Re: [RFC PATCH v2 0/5] mm, bpf: BPF based THP adjustment

Yafang Shao <laoar.shao@xxxxxxxxx> · Tue, 27 May 2025 17:43:24 +0800

On Tue, May 27, 2025 at 5:27 PM David Hildenbrand <david@xxxxxxxxxx> wrote:
>
> On 27.05.25 10:40, Yafang Shao wrote:
> > On Tue, May 27, 2025 at 4:30 PM David Hildenbrand <david@xxxxxxxxxx> wrote:
> >>
> >>>> I don't think we want to add such a mechanism (new mode) where the
> >>>> primary configuration mechanism is through bpf.
> >>>>
> >>>> Maybe bpf could be used as an alternative, but we should look into a
> >>>> reasonable alternative first, like the discussed mctrl()/.../ raised in
> >>>> the process_madvise() series.
> >>>>
> >>>> No "bpf" mode in disguise, please :)
> >>>
> >>> This goal can be readily achieved using a BPF program. In any case, it
> >>> is a feasible solution.
> >>
> >> No BPF-only solution.
> >>
> >>>
> >>>>
> >>>>> We could define
> >>>>> the API as follows:
> >>>>>
> >>>>> struct bpf_thp_ops {
> >>>>>           /**
> >>>>>            * @task_thp_mode: Get the THP mode for a specific task
> >>>>>            *
> >>>>>            * Return:
> >>>>>            * - TASK_THP_ALWAYS: "always" mode
> >>>>>            * - TASK_THP_MADVISE: "madvise" mode
> >>>>>            * - TASK_THP_NEVER: "never" mode
> >>>>>            * Future modes can also be added.
> >>>>>            */
> >>>>>           int (*task_thp_mode)(struct task_struct *p);
> >>>>> };
> >>>>>
> >>>>> For observability, we could add a "THP mode" field to
> >>>>> /proc/[pid]/status. For example:
> >>>>>
> >>>>> $ grep "THP mode" /proc/123/status
> >>>>> always
> >>>>> $ grep "THP mode" /proc/456/status
> >>>>> madvise
> >>>>> $ grep "THP mode" /proc/789/status
> >>>>> never
> >>>>>
> >>>>> The THP mode for each task would be determined by the attached BPF
> >>>>> program based on the task's attributes. We would place the BPF hook in
> >>>>> appropriate kernel functions. Note that this setting wouldn't be
> >>>>> inherited during fork/exec - the BPF program would make the decision
> >>>>> dynamically for each task.
> >>>>
> >>>> What would be the mode (default) when the bpf program would not be active?
> >>>>
> >>>>> This approach also enables runtime adjustments to THP modes based on
> >>>>> system-wide conditions, such as memory fragmentation or other
> >>>>> performance overheads.
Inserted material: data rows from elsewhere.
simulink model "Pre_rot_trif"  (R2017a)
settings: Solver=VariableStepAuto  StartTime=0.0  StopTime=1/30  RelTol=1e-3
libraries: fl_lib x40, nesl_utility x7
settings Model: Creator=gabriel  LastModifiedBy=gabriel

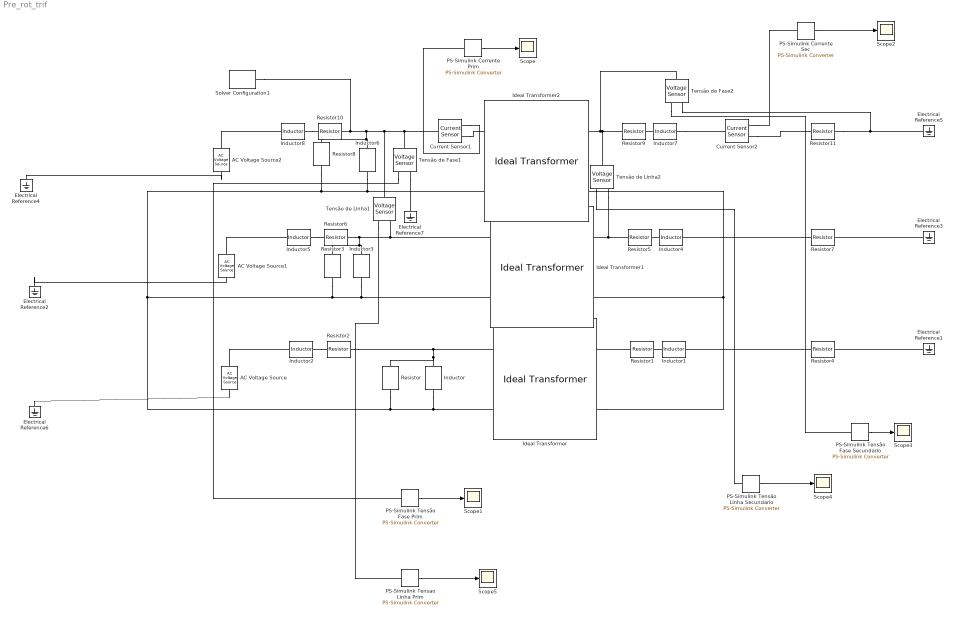
== system Pre_rot_trif ==
  AC Voltage Source : fl_lib/Electrical/Electrical Sources/AC Voltage Source  amp=220*1.4 V  shift=0 deg  frequency=60 Hz  omega=0 rad/s
  AC Voltage Source1 : fl_lib/Electrical/Electrical Sources/AC Voltage Source  amp=220*1.4 V  shift=120 deg  frequency=60 Hz  omega=0 rad/s
  AC Voltage Source2 : fl_lib/Electrical/Electrical Sources/AC Voltage Source  amp=220*1.4 V  shift=240 deg  frequency=60 Hz  omega=0 rad/s
  Current Sensor1 : fl_lib/Electrical/Electrical Sensors/Current Sensor
  Current Sensor2 : fl_lib/Electrical/Electrical Sensors/Current Sensor
  Electrical Reference{1..7} (7 alike) : fl_lib/Electrical/Electrical Elements/Electrical Reference
  Ideal Transformer : fl_lib/Electrical/Electrical Elements/Ideal Transformer  n=2  i1_specify=off  i1_priority=None  i1=0 A  i1_nominal_specify=off  i1_nominal_unit=A  i1_nominal_value=1  v1_specify=off  v1_priority=None  v1=0 V  v1_nominal_specify=off  v1_nominal_unit=V  v1_nominal_value=1  i2_specify=off  i2_priority=None  i2=0 A  i2_nominal_specify=off  i2_nominal_unit=A  i2_nominal_value=1  v2_specify=off  v2_priority=None  v2=0 V  v2_nominal_specify=off  v2_nominal_unit=V  v2_nominal_value=1
      settings: SourceProductName=Simscape  SourceProductBaseCode=SS
  Ideal Transformer1 : fl_lib/Electrical/Electrical Elements/Ideal Transformer  n=2  i1_specify=off  i1_priority=None  i1=0 A  i1_nominal_specify=off  i1_nominal_unit=A  i1_nominal_value=1  v1_specify=off  v1_priority=None  v1=0 V  v1_nominal_specify=off  v1_nominal_unit=V  v1_nominal_value=1  i2_specify=off  i2_priority=None  i2=0 A  i2_nominal_specify=off  i2_nominal_unit=A  i2_nominal_value=1  v2_specify=off  v2_priority=None  v2=0 V  v2_nominal_specify=off  v2_nominal_unit=V  v2_nominal_value=1
      settings: SourceProductName=Simscape  SourceProductBaseCode=SS
  Ideal Transformer2 : fl_lib/Electrical/Electrical Elements/Ideal Transformer  n=2  i1_specify=off  i1_priority=None  i1=0 A  i1_nominal_specify=off  i1_nominal_unit=A  i1_nominal_value=1  v1_specify=off  v1_priority=None  v1=0 V  v1_nominal_specify=off  v1_nominal_unit=V  v1_nominal_value=1  i2_specify=off  i2_priority=None  i2=0 A  i2_nominal_specify=off  i2_nominal_unit=A  i2_nominal_value=1  v2_specify=off  v2_priority=None  v2=0 V  v2_nominal_specify=off  v2_nominal_unit=V  v2_nominal_value=1
      settings: SourceProductName=Simscape  SourceProductBaseCode=SS
  Inductor : fl_lib/Electrical/Electrical Elements/Inductor  l=2000/(2*pi*60) H  r=0 Ohm  g=1e-9 1/Ohm  i_specify=off  i_priority=None  i=0 A  i_nominal_specify=off  i_nominal_unit=A  i_nominal_value=1  v_specify=off  v_priority=None  v=0 V  v_nominal_specify=off  v_nominal_unit=V  v_nominal_value=1  i_L_specify=off  i_L_priority=High  i_L=0 A  i_L_nominal_specify=off  i_L_nominal_unit=A  i_L_nominal_value=1
  Inductor{1..2,4..5,7..8} (6 alike) : fl_lib/Electrical/Electrical Elements/Inductor  l=100/(2*pi*60) H  r=0 Ohm  g=1e-9 1/Ohm  i_specify=off  i_priority=None  i=0 A  i_nominal_specify=off  i_nominal_unit=A  i_nominal_value=1  v_specify=off  v_priority=None  v=0 V  v_nominal_specify=off  v_nominal_unit=V  v_nominal_value=1  i_L_specify=off  i_L_priority=High  i_L=0 A  i_L_nominal_specify=off  i_L_nominal_unit=A  i_L_nominal_value=1
  Inductor3 : fl_lib/Electrical/Electrical Elements/Inductor  l=2000/(2*pi*60) H  r=0 Ohm  g=1e-9 1/Ohm  i_specify=off  i_priority=None  i=0 A  i_nominal_specify=off  i_nominal_unit=A  i_nominal_value=1  v_specify=off  v_priority=None  v=0 V  v_nominal_specify=off  v_nominal_unit=V  v_nominal_value=1  i_L_specify=off  i_L_priority=High  i_L=0 A  i_L_nominal_specify=off  i_L_nominal_unit=A  i_L_nominal_value=1
  Inductor6 : fl_lib/Electrical/Electrical Elements/Inductor  l=2000/(2*pi*60) H  r=0 Ohm  g=1e-9 1/Ohm  i_specify=off  i_priority=None  i=0 A  i_nominal_specify=off  i_nominal_unit=A  i_nominal_value=1  v_specify=off  v_priority=None  v=0 V  v_nominal_specify=off  v_nominal_unit=V  v_nominal_value=1  i_L_specify=off  i_L_priority=High  i_L=0 A  i_L_nominal_specify=off  i_L_nominal_unit=A  i_L_nominal_value=1
  "PS-Simulink Tensão Fase Prim " : nesl_utility/PS-Simulink Converter  PhysicalDomain=network_engine_domain  SubClassName=ps_output  LeftPortType=input  RightPortType=output  PseudoPeriodic=off  Frequencies=[]  Unit=1  AffineConversion=off
  "PS-Simulink Tensão Fase Secundario " : nesl_utility/PS-Simulink Converter  PhysicalDomain=network_engine_domain  SubClassName=ps_output  LeftPortType=input  RightPortType=output  PseudoPeriodic=off  Frequencies=[]  Unit=1  AffineConversion=off
  PS-Simulink Tensão Linha Secundario : nesl_utility/PS-Simulink Converter  PhysicalDomain=network_engine_domain  SubClassName=ps_output  LeftPortType=input  RightPortType=output  PseudoPeriodic=off  Frequencies=[]  Unit=1  AffineConversion=off
  "PS-Simulink Corrente Prim " : nesl_utility/PS-Simulink Converter  PhysicalDomain=network_engine_domain  SubClassName=ps_output  LeftPortType=input  RightPortType=output  PseudoPeriodic=off  Frequencies=[]  Unit=1  AffineConversion=off
  "PS-Simulink Corrente Sec " : nesl_utility/PS-Simulink Converter  PhysicalDomain=network_engine_domain  SubClassName=ps_output  LeftPortType=input  RightPortType=output  PseudoPeriodic=off  Frequencies=[]  Unit=1  AffineConversion=off
  "PS-Simulink Tensao Linha Prim " : nesl_utility/PS-Simulink Converter  PhysicalDomain=network_engine_domain  SubClassName=ps_output  LeftPortType=input  RightPortType=output  PseudoPeriodic=off  Frequencies=[]  Unit=1  AffineConversion=off
  Resistor : fl_lib/Electrical/Electrical Elements/Resistor  R=1000 Ohm  i_specify=off  i_priority=None  i=0 A  i_nominal_specify=off  i_nominal_unit=A  i_nominal_value=1  v_specify=off  v_priority=None  v=0 V  v_nominal_specify=off  v_nominal_unit=V  v_nominal_value=1
  Resistor{1..2,5..6,9..10} (6 alike) : fl_lib/Electrical/Electrical Elements/Resistor  R=10 Ohm  i_specify=off  i_priority=None  i=0 A  i_nominal_specify=off  i_nominal_unit=A  i_nominal_value=1  v_specify=off  v_priority=None  v=0 V  v_nominal_specify=off  v_nominal_unit=V  v_nominal_value=1
  Resistor11 : fl_lib/Electrical/Electrical Elements/Resistor  R=200 Ohm  i_specify=off  i_priority=None  i=0 A  i_nominal_specify=off  i_nominal_unit=A  i_nominal_value=1  v_specify=off  v_priority=None  v=0 V  v_nominal_specify=off  v_nominal_unit=V  v_nominal_value=1
  Resistor3 : fl_lib/Electrical/Electrical Elements/Resistor  R=1000 Ohm  i_specify=off  i_priority=None  i=0 A  i_nominal_specify=off  i_nominal_unit=A  i_nominal_value=1  v_specify=off  v_priority=None  v=0 V  v_nominal_specify=off  v_nominal_unit=V  v_nominal_value=1
  Resistor4 : fl_lib/Electrical/Electrical Elements/Resistor  R=200 Ohm  i_specify=off  i_priority=None  i=0 A  i_nominal_specify=off  i_nominal_unit=A  i_nominal_value=1  v_specify=off  v_priority=None  v=0 V  v_nominal_specify=off  v_nominal_unit=V  v_nominal_value=1
  Resistor7 : fl_lib/Electrical/Electrical Elements/Resistor  R=200 Ohm  i_specify=off  i_priority=None  i=0 A  i_nominal_specify=off  i_nominal_unit=A  i_nominal_value=1  v_specify=off  v_priority=None  v=0 V  v_nominal_specify=off  v_nominal_unit=V  v_nominal_value=1
  Resistor8 : fl_lib/Electrical/Electrical Elements/Resistor  R=1000 Ohm  i_specify=off  i_priority=None  i=0 A  i_nominal_specify=off  i_nominal_unit=A  i_nominal_value=1  v_specify=off  v_priority=None  v=0 V  v_nominal_specify=off  v_nominal_unit=V  v_nominal_value=1
  Scope{,1..5} (6 alike) : Scope
  Solver Configuration1 : nesl_utility/Solver Configuration  PhysicalDomain=network_engine_domain  SubClassName=solver  LeftPortType=input  RightPortType=generic  Accelerate=off  Tones=[]  Harmonics=[]  SimulateNoise=off  Profile=off  UseLocalSampling=off  EnableSwitchedLinearOptims=on  FrequencyDomain=off  UseCCode=off  RelTol=0.001  AbsTol=1e-06  MinStep=1e-09  ToWorkspace=off  RevertToSquareIcSolve=off  NumHomotopyIterations=100  PhasorMode=off  PhasorModeNumHarmonics=1  OverrideAbsTol=off  DoDC=off  ResidualTolerance=1e-09  UseLocalSolver=off  LocalSolverChoice=NE_BACKWARD_EULER_ADVANCER  LocalSolverSampleTime=0.001  DoFixedCost=off  MaxNonlinIter=3  MaxModeIter=2  LinearAlgebra=Sparse  DelaysMemoryBudget=1024  AutomaticFiltering=on  FilteringTimeConstant=0.001
  Tensão de Fase1 : fl_lib/Electrical/Electrical Sensors/Voltage Sensor
  Tensão de Fase2 : fl_lib/Electrical/Electrical Sensors/Voltage Sensor
  Tensão de Linha1 : fl_lib/Electrical/Electrical Sensors/Voltage Sensor
  Tensão de Linha2 : fl_lib/Electrical/Electrical Sensors/Voltage Sensor
  wires:
  "PS-Simulink Corrente Prim "/1 -> Scope/1
  "PS-Simulink Tensão Fase Prim "/1 -> Scope1/1
  "PS-Simulink Corrente Sec "/1 -> Scope2/1
  "PS-Simulink Tensão Fase Secundario "/1 -> Scope3/1
  PS-Simulink Tensão Linha Secundario/1 -> Scope4/1
  "PS-Simulink Tensao Linha Prim "/1 -> Scope5/1
  connections:
  Resistor1/LConn1 -- Ideal Transformer/RConn1
  Resistor2/RConn1 -- Inductor/LConn1 -- Resistor/LConn1 -- Ideal Transformer/LConn1
  Resistor4/LConn1 -- Inductor1/RConn1
  AC Voltage Source/LConn1 -- Inductor2/LConn1
  Inductor1/LConn1 -- Resistor1/RConn1
  Inductor2/RConn1 -- Resistor2/LConn1
  Resistor6/RConn1 -- Inductor3/LConn1 -- Resistor3/LConn1 -- Ideal Transformer1/LConn1 -- Tensão de Linha1/RConn2
  Resistor7/LConn1 -- Inductor4/RConn1
  Inductor5/RConn1 -- Resistor6/LConn1
  Resistor5/LConn1 -- Tensão de Linha2/RConn2 -- Ideal Transformer1/RConn1
  AC Voltage Source1/LConn1 -- Inductor5/LConn1
  Inductor4/LConn1 -- Resistor5/RConn1
  Resistor10/RConn1 -- Solver Configuration1/RConn1 -- Inductor6/LConn1 -- Resistor8/LConn1 -- Current Sensor1/LConn1 -- Tensão de Fase1/LConn1 -- Tensão de Linha1/LConn1
  Current Sensor2/RConn2 -- Resistor11/LConn1
  Inductor8/RConn1 -- Resistor10/LConn1
  Resistor9/LConn1 -- Tensão de Fase2/LConn1 -- Ideal Transformer2/RConn1 -- Tensão de Linha2/LConn1
  AC Voltage Source2/LConn1 -- Inductor8/LConn1
  Inductor7/LConn1 -- Resistor9/RConn1
  AC Voltage Source2/RConn1 -- Electrical Reference4/LConn1
  Electrical Reference2/LConn1 -- AC Voltage Source1/RConn1
  AC Voltage Source/RConn1 -- Electrical Reference6/LConn1
  Ideal Transformer2/LConn2 -- Inductor6/RConn1 -- Inductor/RConn1 -- Ideal Transformer/LConn2 -- Resistor/RConn1 -- Ideal Transformer1/LConn2 -- Inductor3/RConn1 -- Resistor3/RConn1 -- Resistor8/RConn1
  Resistor11/RConn1 -- Tensão de Fase2/RConn2 -- Electrical Reference5/LConn1
  Electrical Reference3/LConn1 -- Resistor7/RConn1
  Electrical Reference1/LConn1 -- Resistor4/RConn1
  Ideal Transformer2/RConn2 -- Ideal Transformer/RConn2 -- Ideal Transformer1/RConn2
  Tensão de Fase1/RConn2 -- Electrical Reference7/LConn1
  Current Sensor1/RConn2 -- Ideal Transformer2/LConn1
  Inductor7/RConn1 -- Current Sensor2/LConn1
  Current Sensor1/RConn1 -- "PS-Simulink Corrente Prim "/LConn1
  Tensão de Fase1/RConn1 -- "PS-Simulink Tensão Fase Prim "/LConn1
  Tensão de Linha1/RConn1 -- "PS-Simulink Tensao Linha Prim "/LConn1
  Current Sensor2/RConn1 -- "PS-Simulink Corrente Sec "/LConn1
  Tensão de Linha2/RConn1 -- PS-Simulink Tensão Linha Secundario/LConn1
  Tensão de Fase2/RConn1 -- "PS-Simulink Tensão Fase Secundario "/LConn1

The BPF program could adapt policies
> >>>>> dynamically, optimizing THP behavior in response to changing
> >>>>> workloads.
> >>>>
> >>>> I am not sure that is the proper way to handle these scenarios: I never
> >>>> heard that people would be adjusting the system-wide policy dynamically
> >>>> in that way either.
> >>>>
> >>>> Whatever we do, we have to make sure that what we add won't
> >>>> over-complicate things in the future. Having tooling dynamically adjust
> >>>> the THP policy of processes that coarsely sounds ... very wrong long-term.
> >>>
> >>> This is just an example demonstrating how BPF can be used to adjust
> >>> its flexibility. Notably, all these policies can be implemented
> >>> without modifying the kernel.
> >>
> >> See below on "policy".
> >>
> >>>
> >>>>
> >>>>    > > As Liam pointed out in another thread, naming is challenging here -
> >>>>> "process" might not be the most accurate term for this context.
> >>>>
> >>>> No, it's not even a per-process thing. It is per MM, and a MM might be
> >>>> used by multiple processes ...
> >>>
> >>> I consistently use 'thread' for the latter case.
> >>
> >> You can use CLONE_VM without CLONE_THREAD ...
> >
> > If I understand correctly, this can only occur for shared THP but not
> > anonymous THP. For instance, if either process allocates an anonymous
> > THP, it would trigger the creation of a new MM. Please correct me if
> > I'm mistaken.
>
> What clone(CLONE_VM) will do is essentially create a new process, that
> shares the MM with the original process. Similar to a thread, just that
> the new process will show up in /proc/ as ... a new process, not as a
> thread under /prod/$pid/tasks of the original process.
>
> Both processes will operate on the shared MM struct as if they were
> ordinary threads. No Copy-on-Write involved.
>
> One example use case I've been involved in is async teardown in QEMU [1].
>
> [1] https://kvm-forum.qemu.org/2022/ibm_async_destroy.pdf

I understand what you mean, but what I'm really confused about is how
this relates to allocating anonymous THP.  If either one allocates
anon THP, it will definitely create a new MM, right ?

>
> >
> >>
> >> Additionally, this
> >>> can be implemented per-MM without kernel code modifications.
> >>> With a well-designed API, users can even implement custom THP
> >>> policies—all without altering kernel code.
> >>
> >> You can switch between modes, that' all you can do. I wouldn't really
> >> call that "custom policy" as it is extremely limited.
> >>
> >> And that's exactly my point: it's basic switching between modes ... a
> >> reasonable policy in the future will make placement decisions and not
> >> just state "always/never/madvise".
> >
> > Could you please elaborate further on 'make placement decisions'? As
> > previously mentioned, we (including the broader community) really need
> > the user input to determine whether THP allocation is appropriate in a
> > given case.
>
> The glorious future were we make smarter decisions where to actually
> place THPs even in the "always" mode.
>
> E.g., just because we enable "always" for a process does not mean that
> we really want a THP everywhere; quite the opposite.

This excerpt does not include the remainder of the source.